• _Problem to work on_
Return the lines that run from the beginning of the entries to the line holding "#10=(LENGTH_UNIT() NAMED_UNIT(*) SI_UNIT(.MILLI.,.METRE.));", inclusive, and drop the pictures.

• _Data extracts_
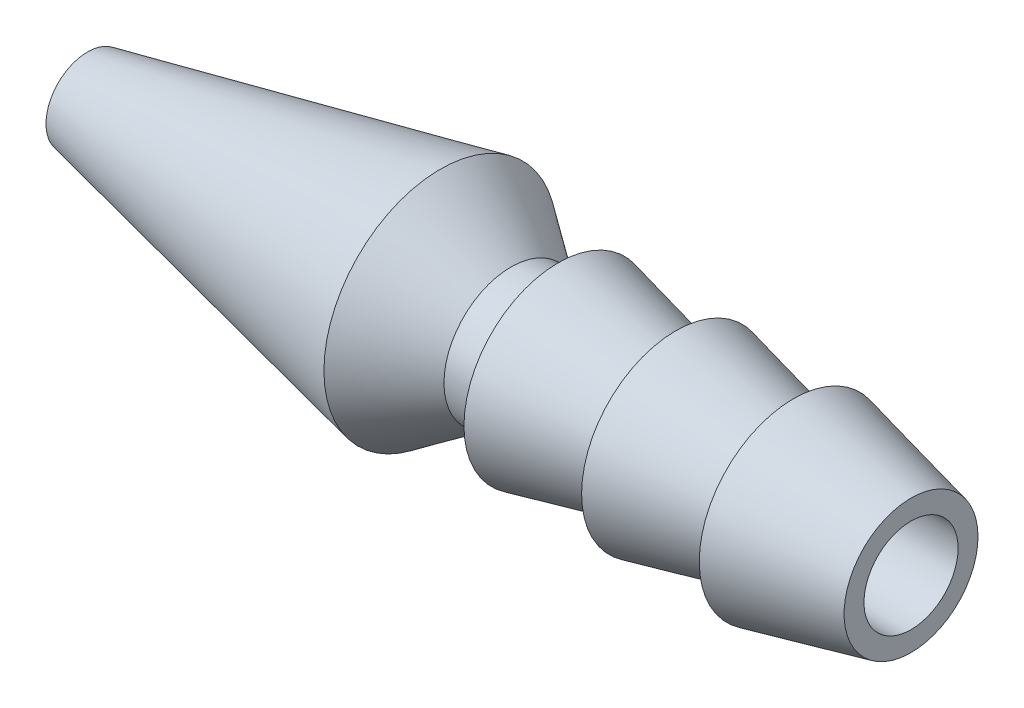
ISO-10303-21;
HEADER;
FILE_DESCRIPTION(('STEP AP214'),'2;1');
FILE_NAME('part.step','',(''),(''),'','','');
FILE_SCHEMA(('AUTOMOTIVE_DESIGN { 1 0 10303 214 1 1 1 1 }'));
ENDSEC;
DATA;
#1=APPLICATION_CONTEXT('core data for automotive mechanical design processes');
#2=APPLICATION_PROTOCOL_DEFINITION('international standard','automotive_design',2000,#1);
#3=PRODUCT_CONTEXT('',#1,'mechanical');
#4=PRODUCT('Part','Part','',(#3));
#5=PRODUCT_RELATED_PRODUCT_CATEGORY('part','',(#4));
#6=PRODUCT_DEFINITION_FORMATION('','',#4);
#7=PRODUCT_DEFINITION_CONTEXT('part definition',#1,'design');
#8=PRODUCT_DEFINITION('design','',#6,#7);
#9=PRODUCT_DEFINITION_SHAPE('','',#8);
#10=(LENGTH_UNIT() NAMED_UNIT(*) SI_UNIT(.MILLI.,.METRE.));
#11=(NAMED_UNIT(*) PLANE_ANGLE_UNIT() SI_UNIT($,.RADIAN.));
#12=(NAMED_UNIT(*) SI_UNIT($,.STERADIAN.) SOLID_ANGLE_UNIT());
#13=UNCERTAINTY_MEASURE_WITH_UNIT(LENGTH_MEASURE(1.E-05),#10,'distance_accuracy_value','');
#14=(GEOMETRIC_REPRESENTATION_CONTEXT(3) GLOBAL_UNCERTAINTY_ASSIGNED_CONTEXT((#13)) GLOBAL_UNIT_ASSIGNED_CONTEXT((#10,
#11,#12)) REPRESENTATION_CONTEXT('',''));
#15=CARTESIAN_POINT('',(0.,0.,0.));
#16=DIRECTION('',(0.,0.,1.));
#17=DIRECTION('',(1.,0.,0.));
#18=AXIS2_PLACEMENT_3D('',#15,#16,#17);
#19=CARTESIAN_POINT('',(0.,0.,0.));
#20=DIRECTION('',(-1.,0.,0.));
#21=DIRECTION('',(0.,0.,-1.));
#22=AXIS2_PLACEMENT_3D('',#19,#20,#21);
#23=CONICAL_SURFACE('',#22,4.,0.226892802759263);
#24=CARTESIAN_POINT('',(5.,0.,0.));
#25=DIRECTION('',(1.,0.,0.));
#26=DIRECTION('',(0.,0.,-1.));
#27=AXIS2_PLACEMENT_3D('',#24,#25,#26);
#28=CIRCLE('',#27,2.84565904437218);
#29=CARTESIAN_POINT('',(5.,0.,-2.84565904437218));
#30=VERTEX_POINT('',#29);
#31=EDGE_CURVE('E42',#30,#30,#28,.T.);
#32=ORIENTED_EDGE('',*,*,#31,.F.);
#33=EDGE_LOOP('',(#32));
#34=FACE_BOUND('',#33,.T.);
#35=CARTESIAN_POINT('',(0.,0.,0.));
#36=DIRECTION('',(1.,0.,0.));
#37=DIRECTION('',(0.,0.,-1.));
#38=AXIS2_PLACEMENT_3D('',#35,#36,#37);
#39=CIRCLE('',#38,4.);
#40=CARTESIAN_POINT('',(0.,0.,-4.));
#41=VERTEX_POINT('',#40);
#42=EDGE_CURVE('E47',#41,#41,#39,.T.);
#43=ORIENTED_EDGE('',*,*,#42,.T.);
#44=EDGE_LOOP('',(#43));
#45=FACE_BOUND('',#44,.T.);
#46=ADVANCED_FACE('F33',(#34,#45),#23,.T.);
#47=CARTESIAN_POINT('',(0.,0.,0.));
#48=DIRECTION('',(1.,0.,0.));
#49=DIRECTION('',(0.,0.,-1.));
#50=AXIS2_PLACEMENT_3D('',#47,#48,#49);
#51=PLANE('',#50);
#52=CARTESIAN_POINT('',(0.,0.,0.));
#53=DIRECTION('',(-1.,0.,0.));
#54=DIRECTION('',(0.,0.,1.));
#55=AXIS2_PLACEMENT_3D('',#52,#53,#54);
#56=CIRCLE('',#55,2.85);
#57=CARTESIAN_POINT('',(0.,0.,2.85));
#58=VERTEX_POINT('',#57);
#59=EDGE_CURVE('E10',#58,#58,#56,.T.);
#60=ORIENTED_EDGE('',*,*,#59,.F.);
#61=EDGE_LOOP('',(#60));
#62=FACE_BOUND('',#61,.T.);
#63=ORIENTED_EDGE('',*,*,#42,.F.);
#64=EDGE_LOOP('',(#63));
#65=FACE_BOUND('',#64,.T.);
#66=ADVANCED_FACE('F133',(#62,#65),#51,.F.);
#67=CARTESIAN_POINT('',(5.,0.,0.));
#68=DIRECTION('',(-1.,0.,0.));
#69=DIRECTION('',(0.,0.,-1.));
#70=AXIS2_PLACEMENT_3D('',#67,#68,#69);
#71=CONICAL_SURFACE('',#70,4.,0.226892802759263);
#72=CARTESIAN_POINT('',(10.,0.,0.));
#73=DIRECTION('',(1.,0.,0.));
#74=DIRECTION('',(0.,0.,-1.));
#75=AXIS2_PLACEMENT_3D('',#72,#73,#74);
#76=CIRCLE('',#75,2.84565904437218);
#77=CARTESIAN_POINT('',(10.,0.,-2.84565904437218));
#78=VERTEX_POINT('',#77);
#79=EDGE_CURVE('E62',#78,#78,#76,.T.);
#80=ORIENTED_EDGE('',*,*,#79,.F.);
#81=EDGE_LOOP('',(#80));
#82=FACE_BOUND('',#81,.T.);
#83=CARTESIAN_POINT('',(5.,0.,0.));
#84=DIRECTION('',(1.,0.,0.));
#85=DIRECTION('',(0.,0.,-1.));
#86=AXIS2_PLACEMENT_3D('',#83,#84,#85);
#87=CIRCLE('',#86,4.);
#88=CARTESIAN_POINT('',(5.,0.,-4.));
#89=VERTEX_POINT('',#88);
#90=EDGE_CURVE('E59',#89,#89,#87,.T.);
#91=ORIENTED_EDGE('',*,*,#90,.T.);
#92=EDGE_LOOP('',(#91));
#93=FACE_BOUND('',#92,.T.);
#94=ADVANCED_FACE('F130',(#82,#93),#71,.T.);
#95=CARTESIAN_POINT('',(5.,0.,0.));
#96=DIRECTION('',(1.,0.,0.));
#97=DIRECTION('',(0.,0.,-1.));
#98=AXIS2_PLACEMENT_3D('',#95,#96,#97);
#99=PLANE('',#98);
#100=ORIENTED_EDGE('',*,*,#31,.T.);
#101=EDGE_LOOP('',(#100));
#102=FACE_BOUND('',#101,.T.);
#103=ORIENTED_EDGE('',*,*,#90,.F.);
#104=EDGE_LOOP('',(#103));
#105=FACE_BOUND('',#104,.T.);
#106=ADVANCED_FACE('F126',(#102,#105),#99,.F.);
#107=CARTESIAN_POINT('',(10.,0.,0.));
#108=DIRECTION('',(-1.,0.,0.));
#109=DIRECTION('',(0.,0.,-1.));
#110=AXIS2_PLACEMENT_3D('',#107,#108,#109);
#111=CONICAL_SURFACE('',#110,4.,0.226892802759263);
#112=CARTESIAN_POINT('',(15.,0.,0.));
#113=DIRECTION('',(1.,0.,0.));
#114=DIRECTION('',(0.,0.,-1.));
#115=AXIS2_PLACEMENT_3D('',#112,#113,#114);
#116=CIRCLE('',#115,2.84565904437218);
#117=CARTESIAN_POINT('',(15.,0.,-2.84565904437218));
#118=VERTEX_POINT('',#117);
#119=EDGE_CURVE('E56',#118,#118,#116,.T.);
#120=ORIENTED_EDGE('',*,*,#119,.F.);
#121=EDGE_LOOP('',(#120));
#122=FACE_BOUND('',#121,.T.);
#123=CARTESIAN_POINT('',(10.,0.,0.));
#124=DIRECTION('',(1.,0.,0.));
#125=DIRECTION('',(0.,0.,-1.));
#126=AXIS2_PLACEMENT_3D('',#123,#124,#125);
#127=CIRCLE('',#126,4.);
#128=CARTESIAN_POINT('',(10.,0.,-4.));
#129=VERTEX_POINT('',#128);
#130=EDGE_CURVE('E53',#129,#129,#127,.T.);
#131=ORIENTED_EDGE('',*,*,#130,.T.);
#132=EDGE_LOOP('',(#131));
#133=FACE_BOUND('',#132,.T.);
#134=ADVANCED_FACE('F119',(#122,#133),#111,.T.);
#135=CARTESIAN_POINT('',(15.,0.,0.));
#136=DIRECTION('',(1.,0.,0.));
#137=DIRECTION('',(0.,0.,-1.));
#138=AXIS2_PLACEMENT_3D('',#135,#136,#137);
#139=PLANE('',#138);
#140=CARTESIAN_POINT('',(15.,0.,0.));
#141=DIRECTION('',(1.,0.,0.));
#142=DIRECTION('',(0.,0.,-1.));
#143=AXIS2_PLACEMENT_3D('',#140,#141,#142);
#144=CIRCLE('',#143,2.);
#145=CARTESIAN_POINT('',(15.,0.,-2.));
#146=VERTEX_POINT('',#145);
#147=EDGE_CURVE('E74',#146,#146,#144,.T.);
#148=ORIENTED_EDGE('',*,*,#147,.F.);
#149=EDGE_LOOP('',(#148));
#150=FACE_BOUND('',#149,.T.);
#151=ORIENTED_EDGE('',*,*,#119,.T.);
#152=EDGE_LOOP('',(#151));
#153=FACE_BOUND('',#152,.T.);
#154=ADVANCED_FACE('F116',(#150,#153),#139,.T.);
#155=CARTESIAN_POINT('',(10.,0.,0.));
#156=DIRECTION('',(1.,0.,0.));
#157=DIRECTION('',(0.,0.,-1.));
#158=AXIS2_PLACEMENT_3D('',#155,#156,#157);
#159=PLANE('',#158);
#160=ORIENTED_EDGE('',*,*,#79,.T.);
#161=EDGE_LOOP('',(#160));
#162=FACE_BOUND('',#161,.T.);
#163=ORIENTED_EDGE('',*,*,#130,.F.);
#164=EDGE_LOOP('',(#163));
#165=FACE_BOUND('',#164,.T.);
#166=ADVANCED_FACE('F114',(#162,#165),#159,.F.);
#167=CARTESIAN_POINT('',(-2.,0.,0.));
#168=DIRECTION('',(1.,0.,0.));
#169=DIRECTION('',(0.,0.,-1.));
#170=AXIS2_PLACEMENT_3D('',#167,#168,#169);
#171=CYLINDRICAL_SURFACE('',#170,2.85);
#172=CARTESIAN_POINT('',(-2.,0.,0.));
#173=DIRECTION('',(-1.,0.,0.));
#174=DIRECTION('',(0.,0.,1.));
#175=AXIS2_PLACEMENT_3D('',#172,#173,#174);
#176=CIRCLE('',#175,2.85);
#177=CARTESIAN_POINT('',(-2.,0.,2.85));
#178=VERTEX_POINT('',#177);
#179=EDGE_CURVE('E51',#178,#178,#176,.T.);
#180=ORIENTED_EDGE('',*,*,#179,.F.);
#181=EDGE_LOOP('',(#180));
#182=FACE_BOUND('',#181,.T.);
#183=ORIENTED_EDGE('',*,*,#59,.T.);
#184=EDGE_LOOP('',(#183));
#185=FACE_BOUND('',#184,.T.);
#186=ADVANCED_FACE('F110',(#182,#185),#171,.T.);
#187=CARTESIAN_POINT('',(-2.,0.,0.));
#188=DIRECTION('',(-1.,0.,0.));
#189=DIRECTION('',(0.,0.,1.));
#190=AXIS2_PLACEMENT_3D('',#187,#188,#189);
#191=CONICAL_SURFACE('',#190,2.85,0.610865238198016);
#192=CARTESIAN_POINT('',(-5.,0.,0.));
#193=DIRECTION('',(-1.,0.,0.));
#194=DIRECTION('',(0.,0.,1.));
#195=AXIS2_PLACEMENT_3D('',#192,#193,#194);
#196=CIRCLE('',#195,4.95062261462913);
#197=CARTESIAN_POINT('',(-5.,0.,4.95062261462913));
#198=VERTEX_POINT('',#197);
#199=EDGE_CURVE('E234',#198,#198,#196,.T.);
#200=ORIENTED_EDGE('',*,*,#199,.F.);
#201=EDGE_LOOP('',(#200));
#202=FACE_BOUND('',#201,.T.);
#203=ORIENTED_EDGE('',*,*,#179,.T.);
#204=EDGE_LOOP('',(#203));
#205=FACE_BOUND('',#204,.T.);
#206=ADVANCED_FACE('F106',(#202,#205),#191,.T.);
#207=CARTESIAN_POINT('',(-5.,0.,0.));
#208=DIRECTION('',(1.,0.,0.));
#209=DIRECTION('',(0.,0.,1.));
#210=AXIS2_PLACEMENT_3D('',#207,#208,#209);
#211=CONICAL_SURFACE('',#210,4.95062261462913,0.20943951023932);
#212=CARTESIAN_POINT('',(-20.,0.,0.));
#213=DIRECTION('',(-1.,0.,0.));
#214=DIRECTION('',(0.,0.,1.));
#215=AXIS2_PLACEMENT_3D('',#212,#213,#214);
#216=CIRCLE('',#215,1.7622741895788);
#217=CARTESIAN_POINT('',(-20.,0.,1.7622741895788));
#218=VERTEX_POINT('',#217);
#219=EDGE_CURVE('E77',#218,#218,#216,.T.);
#220=ORIENTED_EDGE('',*,*,#219,.F.);
#221=EDGE_LOOP('',(#220));
#222=FACE_BOUND('',#221,.T.);
#223=ORIENTED_EDGE('',*,*,#199,.T.);
#224=EDGE_LOOP('',(#223));
#225=FACE_BOUND('',#224,.T.);
#226=ADVANCED_FACE('F102',(#222,#225),#211,.T.);
#227=CARTESIAN_POINT('',(-20.,0.,0.));
#228=DIRECTION('',(-1.,0.,0.));
#229=DIRECTION('',(0.,0.,1.));
#230=AXIS2_PLACEMENT_3D('',#227,#228,#229);
#231=PLANE('',#230);
#232=CARTESIAN_POINT('',(-20.,0.,0.));
#233=DIRECTION('',(-1.,0.,0.));
#234=DIRECTION('',(0.,0.,1.));
#235=AXIS2_PLACEMENT_3D('',#232,#233,#234);
#236=CIRCLE('',#235,1.);
#237=CARTESIAN_POINT('',(-20.,0.,1.));
#238=VERTEX_POINT('',#237);
#239=EDGE_CURVE('E75',#238,#238,#236,.T.);
#240=ORIENTED_EDGE('',*,*,#239,.F.);
#241=EDGE_LOOP('',(#240));
#242=FACE_BOUND('',#241,.T.);
#243=ORIENTED_EDGE('',*,*,#219,.T.);
#244=EDGE_LOOP('',(#243));
#245=FACE_BOUND('',#244,.T.);
#246=ADVANCED_FACE('F99',(#242,#245),#231,.T.);
#247=CARTESIAN_POINT('',(-5.,0.,0.));
#248=DIRECTION('',(1.,0.,0.));
#249=DIRECTION('',(0.,0.,-1.));
#250=AXIS2_PLACEMENT_3D('',#247,#248,#249);
#251=CYLINDRICAL_SURFACE('',#250,2.);
#252=CARTESIAN_POINT('',(-5.,0.,0.));
#253=DIRECTION('',(-1.,0.,0.));
#254=DIRECTION('',(0.,0.,-1.));
#255=AXIS2_PLACEMENT_3D('',#252,#253,#254);
#256=CIRCLE('',#255,2.);
#257=CARTESIAN_POINT('',(-5.,0.,-2.));
#258=VERTEX_POINT('',#257);
#259=EDGE_CURVE('E69',#258,#258,#256,.T.);
#260=ORIENTED_EDGE('',*,*,#259,.T.);
#261=EDGE_LOOP('',(#260));
#262=FACE_BOUND('',#261,.T.);
#263=ORIENTED_EDGE('',*,*,#147,.T.);
#264=EDGE_LOOP('',(#263));
#265=FACE_BOUND('',#264,.T.);
#266=ADVANCED_FACE('F70',(#262,#265),#251,.F.);
#267=CARTESIAN_POINT('',(-20.,0.,0.));
#268=DIRECTION('',(1.,0.,0.));
#269=DIRECTION('',(0.,0.,1.));
#270=AXIS2_PLACEMENT_3D('',#267,#268,#269);
#271=CONICAL_SURFACE('',#270,1.,0.0663225115757848);
#272=ORIENTED_EDGE('',*,*,#259,.F.);
#273=EDGE_LOOP('',(#272));
#274=FACE_BOUND('',#273,.T.);
#275=ORIENTED_EDGE('',*,*,#239,.T.);
#276=EDGE_LOOP('',(#275));
#277=FACE_BOUND('',#276,.T.);
#278=ADVANCED_FACE('F88',(#274,#277),#271,.F.);
#279=CLOSED_SHELL('',(#46,#66,#94,#106,#134,#154,#166,#186,#206,#226,#246,#266,#278));
#280=MANIFOLD_SOLID_BREP('B2',#279);
#281=ADVANCED_BREP_SHAPE_REPRESENTATION('',(#18,#280),#14);
#282=SHAPE_DEFINITION_REPRESENTATION(#9,#281);
ENDSEC;
END-ISO-10303-21;

• _Solution to the exercise_
ISO-10303-21;
HEADER;
FILE_DESCRIPTION(('STEP AP214'),'2;1');
FILE_NAME('part.step','',(''),(''),'','','');
FILE_SCHEMA(('AUTOMOTIVE_DESIGN { 1 0 10303 214 1 1 1 1 }'));
ENDSEC;
DATA;
#1=APPLICATION_CONTEXT('core data for automotive mechanical design processes');
#2=APPLICATION_PROTOCOL_DEFINITION('international standard','automotive_design',2000,#1);
#3=PRODUCT_CONTEXT('',#1,'mechanical');
#4=PRODUCT('Part','Part','',(#3));
#5=PRODUCT_RELATED_PRODUCT_CATEGORY('part','',(#4));
#6=PRODUCT_DEFINITION_FORMATION('','',#4);
#7=PRODUCT_DEFINITION_CONTEXT('part definition',#1,'design');
#8=PRODUCT_DEFINITION('design','',#6,#7);
#9=PRODUCT_DEFINITION_SHAPE('','',#8);
#10=(LENGTH_UNIT() NAMED_UNIT(*) SI_UNIT(.MILLI.,.METRE.));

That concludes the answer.